Do you know there is a fancy technical term for conflicting beliefs? Psychologists call it “cognitive dissonance.” Its effects are both physically and metaphysically troublesome.

Leon Festinger, social psychologist who
developed the theory of cognitive dissonance.

On the physical and emotional side, we experience stress and discomfort when we believe one thing but act in a contradictory manner. Similarly, it may be internally stressful if we believe something and try to “upset” this belief with a conflicting belief.

This explains why we feel uncomfortable when we see people do things that don’t match our belief systems. It just feels wrong. It also explains why people who are required to perform jobs that conflict with their beliefs can ultimately become ill. It is due to constant internal stress.

But the idea of cognitive dissonance has implications to us metaphysicians who are actively trying to change our thinking, too. Perhaps we wish to shift our beliefs to accept more love or more abundance into our lives. This works well—unless we already harbor conflicting beliefs about ourselves. Then we end up with that uneasy feeling.

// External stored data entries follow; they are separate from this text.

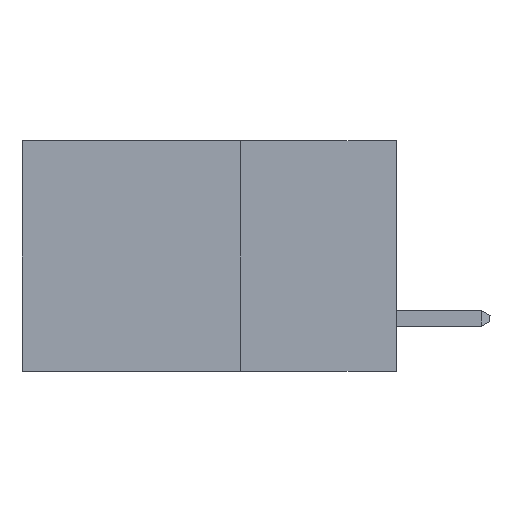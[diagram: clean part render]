
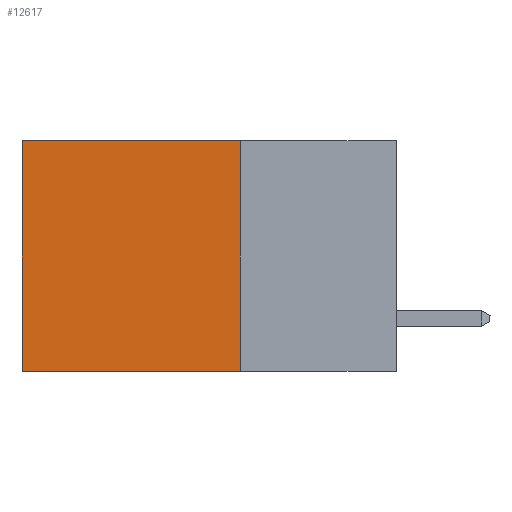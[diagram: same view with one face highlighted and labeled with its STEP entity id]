
A CAD part, left-side view. The second image highlights one B-rep face of the part: STEP entity #12617.
In plain terms, the highlighted planar face has unit normal (-1, 0, 0).
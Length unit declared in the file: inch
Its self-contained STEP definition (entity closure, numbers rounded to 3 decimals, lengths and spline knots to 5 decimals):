
#312 = DIRECTION ( 'NONE',  ( 0., 1., 0. ) ) ;
#369 = CARTESIAN_POINT ( 'NONE',  ( 0.2615, 0.25, -0.37 ) ) ;
#1481 = ORIENTED_EDGE ( 'NONE', *, *, #10068, .F. ) ;
#2961 = EDGE_LOOP ( 'NONE', ( #2985, #21128, #1481, #17348 ) ) ;
#2985 = ORIENTED_EDGE ( 'NONE', *, *, #17758, .T. ) ;
#3480 = DIRECTION ( 'NONE',  ( 0., 0., -1. ) ) ;
#3485 = DIRECTION ( 'NONE',  ( 1., 0., 0. ) ) ;
#3744 = PLANE ( 'NONE',  #19976 ) ;
#4129 = LINE ( 'NONE', #13754, #8059 ) ;
#4248 = CARTESIAN_POINT ( 'NONE',  ( 0.2615, 0.25, -0.37 ) ) ;
#5279 = CARTESIAN_POINT ( 'NONE',  ( 0.2615, 0.25, 0. ) ) ;
#7089 = CARTESIAN_POINT ( 'NONE',  ( 0.2615, 0.25, 0. ) ) ;
#8059 = VECTOR ( 'NONE', #17100, 39.37008 ) ;
#8446 = CARTESIAN_POINT ( 'NONE',  ( 0.2615, 0.6, -0.37 ) ) ;
#9296 = VERTEX_POINT ( 'NONE', #7089 ) ;
#9394 = CARTESIAN_POINT ( 'NONE',  ( 0.2615, 0.25, -0.37 ) ) ;
#9853 = LINE ( 'NONE', #369, #23767 ) ;
#9961 = EDGE_CURVE ( 'NONE', #11087, #14219, #9853, .T. ) ;
#10068 = EDGE_CURVE ( 'NONE', #9296, #11087, #4129, .T. ) ;
#11087 = VERTEX_POINT ( 'NONE', #9394 ) ;
#12617 = ADVANCED_FACE ( 'NONE', ( #14120 ), #3744, .F. ) ;
#12739 = LINE ( 'NONE', #8446, #17129 ) ;
#13048 = VERTEX_POINT ( 'NONE', #18171 ) ;
#13754 = CARTESIAN_POINT ( 'NONE',  ( 0.2615, 0.25, -0.37 ) ) ;
#14103 = DIRECTION ( 'NONE',  ( 0., 0., -1. ) ) ;
#14120 = FACE_OUTER_BOUND ( 'NONE', #2961, .T. ) ;
#14219 = VERTEX_POINT ( 'NONE', #20093 ) ;
#17100 = DIRECTION ( 'NONE',  ( 0., 0., -1. ) ) ;
#17129 = VECTOR ( 'NONE', #14103, 39.37008 ) ;
#17348 = ORIENTED_EDGE ( 'NONE', *, *, #18471, .T. ) ;
#17758 = EDGE_CURVE ( 'NONE', #13048, #14219, #12739, .T. ) ;
#18171 = CARTESIAN_POINT ( 'NONE',  ( 0.2615, 0.6, 0. ) ) ;
#18471 = EDGE_CURVE ( 'NONE', #9296, #13048, #23957, .T. ) ;
#19976 = AXIS2_PLACEMENT_3D ( 'NONE', #4248, #3485, #3480 ) ;
#20093 = CARTESIAN_POINT ( 'NONE',  ( 0.2615, 0.6, -0.37 ) ) ;
#20208 = DIRECTION ( 'NONE',  ( 0., 1., 0. ) ) ;
#21128 = ORIENTED_EDGE ( 'NONE', *, *, #9961, .F. ) ;
#23443 = VECTOR ( 'NONE', #20208, 39.37008 ) ;
#23767 = VECTOR ( 'NONE', #312, 39.37008 ) ;
#23957 = LINE ( 'NONE', #5279, #23443 ) ;

OK, enough theory. The thing to remember is that if we want to experience a greater experience of life, we need to make sure that we don’t have beliefs in opposition to our desires. Here are some examples:

  • Wishing for more abundance—but also believing that rich people are sneaky
  • Desiring a long-term partner—but believing we’re not worthy of it
  • Wanting a better job—but thinking we’re not qualified for it
  • Needing a more peaceful family life—but believing that couples always fight

If you’re running up against cognitive dissonance in your own life, start by questioning your contradictory belief:

  • Are rich people always sneaky? Would I have to be sneaky if I became rich?
  • Am I really not worthy of love? Why not?
  • What qualifications are really needed? Could I learn them while on the job?
  • Do couples always fight? Couldn’t I be the one to end this pattern of fighting?

The psychologists call this “dissonance reduction.” We can change our belief system in order to bring it into alignment with what we wish to believe. You may have to do a bit of research and self-analysis to really “prove to yourself” that the new way of thinking can be true for you. Once you eliminate the old (conflicting) belief, then you’ll be able to accept the new ideas without stress or discomfort.

When beliefs collide, they create stress and discomfort. They can also prevent us from moving forward into an improved life.

If you feel stuck in your efforts to change your thinking, look for conflicting beliefs. See if opposing ideas may be hindering your growth. When you find such beliefs, it’s time for “reduction.” Take a good hard look at them and see if they can be dismissed or changed.

After all, you are in charge of your beliefs. If one of them “has to go” in order to achieve your dreams, it has to go!